BEGIN

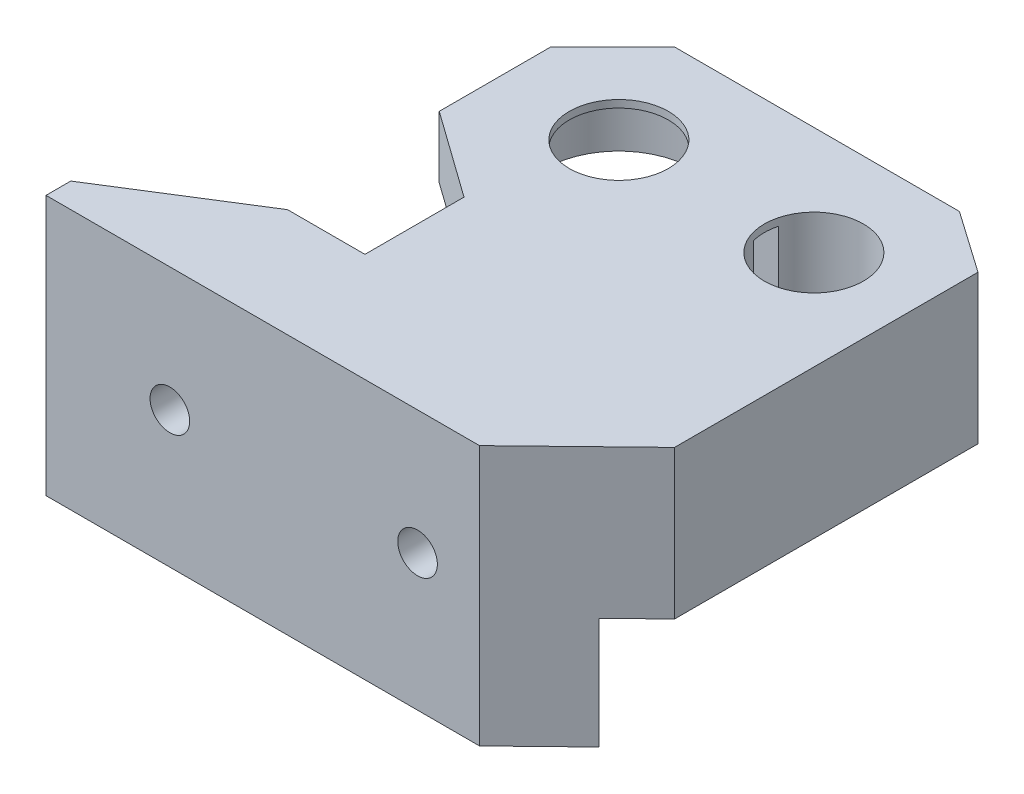
from build123d import *

# Parameters (mm, degrees)
SKETCH1_R           = 4
BOSS_EXTRUDE1_DEPTH = 5
BOSS_EXTRUDE2_DEPTH = 7
BOSS_EXTRUDE3_DEPTH = 16
BOSS_EXTRUDE4_START = 2.5
SKETCH6_R           = 7
SKETCH6_R_2         = 4
BOSS_EXTRUDE4_DEPTH = 2.5
CUT_EXTRUDE1_DEPTH  = 4.4
CUT_EXTRUDE2_DEPTH  = 42.342744224
SKETCH8_R           = 1.6
CUT_EXTRUDE3_DEPTH  = 46.805294454
SKETCH9_R           = 3
CUT_EXTRUDE4_DEPTH  = 4


with BuildPart() as part:
    # Sketch1 → Boss-Extrude1 (new body)
    with BuildSketch(Plane(origin=(0, 0, 0), x_dir=(1, 0, 0), z_dir=(0, 1, 0))):
        Polygon((-4.25, 8.75), (18.75, 8.75), (23.75, 5.25), (23.75, -19.25), (15.75, -27), (-19.25, -27), (-19.25, -25), (-8.5, -18.25), (-2.25, -18.25), (-2.25, -10.25), (-9.25, -5.25), (-9.25, 3.75), align=None)
        Circle(SKETCH1_R, mode=Mode.SUBTRACT)
        with Locations((15.75, 0)):
            Circle(SKETCH1_R, mode=Mode.SUBTRACT)
    extrude(amount=BOSS_EXTRUDE1_DEPTH)

    # Sketch2 → Boss-Extrude2 (add)
    with BuildSketch(Plane.XZ):
        Polygon((23.75, 19.25), (23.75, -5.25), (20.25, -5.25), (20.25, 18.25), (-8.5, 18.25), (-14.87037037, 22.25), (20.653225806, 22.25), align=None)
    extrude(amount=BOSS_EXTRUDE2_DEPTH)

    # Sketch3 → Boss-Extrude3 (add)
    with BuildSketch(Plane.XZ):
        Polygon((-14.87037037, 22.25), (20.653225806, 22.25), (15.75, 27), (-19.25, 27), (-19.25, 25), align=None)
    extrude(amount=BOSS_EXTRUDE3_DEPTH)

    # Sketch6 → Boss-Extrude4 (add)
    with BuildSketch(Plane.XZ.offset(BOSS_EXTRUDE4_START)):
        with Locations((15.75, 0)):
            Circle(SKETCH6_R)
        with Locations((15.75, 0)):
            Circle(SKETCH6_R_2, mode=Mode.SUBTRACT)
    extrude(amount=-BOSS_EXTRUDE4_DEPTH)

    # Sketch4 → Cut-Extrude1 (cut)
    with BuildSketch(Plane.XZ):
        with BuildLine():
            Line((5.883782294, -1), (12.395898034, -1))
            ThreePointArc((12.395898034, -1), (12.25, 0), (12.395898034, 1))
            Line((12.395898034, 1), (5.883782294, 1))
            ThreePointArc((5.883782294, 1), (-5.968156673, 0), (5.883782294, -1))
        make_face()
    extrude(amount=-CUT_EXTRUDE1_DEPTH, mode=Mode.SUBTRACT)

    # Sketch7 → Cut-Extrude2 (cut, through all)
    with BuildSketch(Plane.XZ.offset(-4.4)):
        with BuildLine():
            Line((5.883782294, -1), (11.877016654, -1))
            ThreePointArc((11.877016654, -1), (11.75, 0), (11.877016654, 1))
            Line((11.877016654, 1), (5.883782294, 1))
            ThreePointArc((5.883782294, 1), (-5.968156673, 0), (5.883782294, -1))
        make_face()
    extrude(amount=CUT_EXTRUDE2_DEPTH, mode=Mode.SUBTRACT)

    # Sketch8 → Cut-Extrude3 (cut, through all)
    with BuildSketch(Plane.XY.offset(27)):
        with Locations((10.75, -5)):
            Circle(SKETCH8_R)
        with Locations((-9.25, -5)):
            Circle(SKETCH8_R)
    extrude(amount=-CUT_EXTRUDE3_DEPTH, mode=Mode.SUBTRACT)

    # Sketch9 → Cut-Extrude4 (cut)
    with BuildSketch(Plane(origin=(0, 0, 18.25), x_dir=(-1, 0, 0), z_dir=(0, 0, -1))):
        with Locations((-10.75, -5)):
            Circle(SKETCH9_R)
        with Locations((9.25, -5)):
            Circle(SKETCH9_R)
    extrude(amount=-CUT_EXTRUDE4_DEPTH, mode=Mode.SUBTRACT)


solid = part.part

END

Prompt:
The expected answer is the full listing above, transcribed exactly and without pictures.

Your response:
from build123d import *

# Parameters (mm, degrees)
SKETCH1_R           = 4
BOSS_EXTRUDE1_DEPTH = 5
BOSS_EXTRUDE2_DEPTH = 7
BOSS_EXTRUDE3_DEPTH = 16
BOSS_EXTRUDE4_START = 2.5
SKETCH6_R           = 7
SKETCH6_R_2         = 4
BOSS_EXTRUDE4_DEPTH = 2.5
CUT_EXTRUDE1_DEPTH  = 4.4
CUT_EXTRUDE2_DEPTH  = 42.342744224
SKETCH8_R           = 1.6
CUT_EXTRUDE3_DEPTH  = 46.805294454
SKETCH9_R           = 3
CUT_EXTRUDE4_DEPTH  = 4


with BuildPart() as part:
    # Sketch1 → Boss-Extrude1 (new body)
    with BuildSketch(Plane(origin=(0, 0, 0), x_dir=(1, 0, 0), z_dir=(0, 1, 0))):
        Polygon((-4.25, 8.75), (18.75, 8.75), (23.75, 5.25), (23.75, -19.25), (15.75, -27), (-19.25, -27), (-19.25, -25), (-8.5, -18.25), (-2.25, -18.25), (-2.25, -10.25), (-9.25, -5.25), (-9.25, 3.75), align=None)
        Circle(SKETCH1_R, mode=Mode.SUBTRACT)
        with Locations((15.75, 0)):
            Circle(SKETCH1_R, mode=Mode.SUBTRACT)
    extrude(amount=BOSS_EXTRUDE1_DEPTH)

    # Sketch2 → Boss-Extrude2 (add)
    with BuildSketch(Plane.XZ):
        Polygon((23.75, 19.25), (23.75, -5.25), (20.25, -5.25), (20.25, 18.25), (-8.5, 18.25), (-14.87037037, 22.25), (20.653225806, 22.25), align=None)
    extrude(amount=BOSS_EXTRUDE2_DEPTH)

    # Sketch3 → Boss-Extrude3 (add)
    with BuildSketch(Plane.XZ):
        Polygon((-14.87037037, 22.25), (20.653225806, 22.25), (15.75, 27), (-19.25, 27), (-19.25, 25), align=None)
    extrude(amount=BOSS_EXTRUDE3_DEPTH)

    # Sketch6 → Boss-Extrude4 (add)
    with BuildSketch(Plane.XZ.offset(BOSS_EXTRUDE4_START)):
        with Locations((15.75, 0)):
            Circle(SKETCH6_R)
        with Locations((15.75, 0)):
            Circle(SKETCH6_R_2, mode=Mode.SUBTRACT)
    extrude(amount=-BOSS_EXTRUDE4_DEPTH)

    # Sketch4 → Cut-Extrude1 (cut)
    with BuildSketch(Plane.XZ):
        with BuildLine():
            Line((5.883782294, -1), (12.395898034, -1))
            ThreePointArc((12.395898034, -1), (12.25, 0), (12.395898034, 1))
            Line((12.395898034, 1), (5.883782294, 1))
            ThreePointArc((5.883782294, 1), (-5.968156673, 0), (5.883782294, -1))
        make_face()
    extrude(amount=-CUT_EXTRUDE1_DEPTH, mode=Mode.SUBTRACT)

    # Sketch7 → Cut-Extrude2 (cut, through all)
    with BuildSketch(Plane.XZ.offset(-4.4)):
        with BuildLine():
            Line((5.883782294, -1), (11.877016654, -1))
            ThreePointArc((11.877016654, -1), (11.75, 0), (11.877016654, 1))
            Line((11.877016654, 1), (5.883782294, 1))
            ThreePointArc((5.883782294, 1), (-5.968156673, 0), (5.883782294, -1))
        make_face()
    extrude(amount=CUT_EXTRUDE2_DEPTH, mode=Mode.SUBTRACT)

    # Sketch8 → Cut-Extrude3 (cut, through all)
    with BuildSketch(Plane.XY.offset(27)):
        with Locations((10.75, -5)):
            Circle(SKETCH8_R)
        with Locations((-9.25, -5)):
            Circle(SKETCH8_R)
    extrude(amount=-CUT_EXTRUDE3_DEPTH, mode=Mode.SUBTRACT)

    # Sketch9 → Cut-Extrude4 (cut)
    with BuildSketch(Plane(origin=(0, 0, 18.25), x_dir=(-1, 0, 0), z_dir=(0, 0, -1))):
        with Locations((-10.75, -5)):
            Circle(SKETCH9_R)
        with Locations((9.25, -5)):
            Circle(SKETCH9_R)
    extrude(amount=-CUT_EXTRUDE4_DEPTH, mode=Mode.SUBTRACT)


solid = part.part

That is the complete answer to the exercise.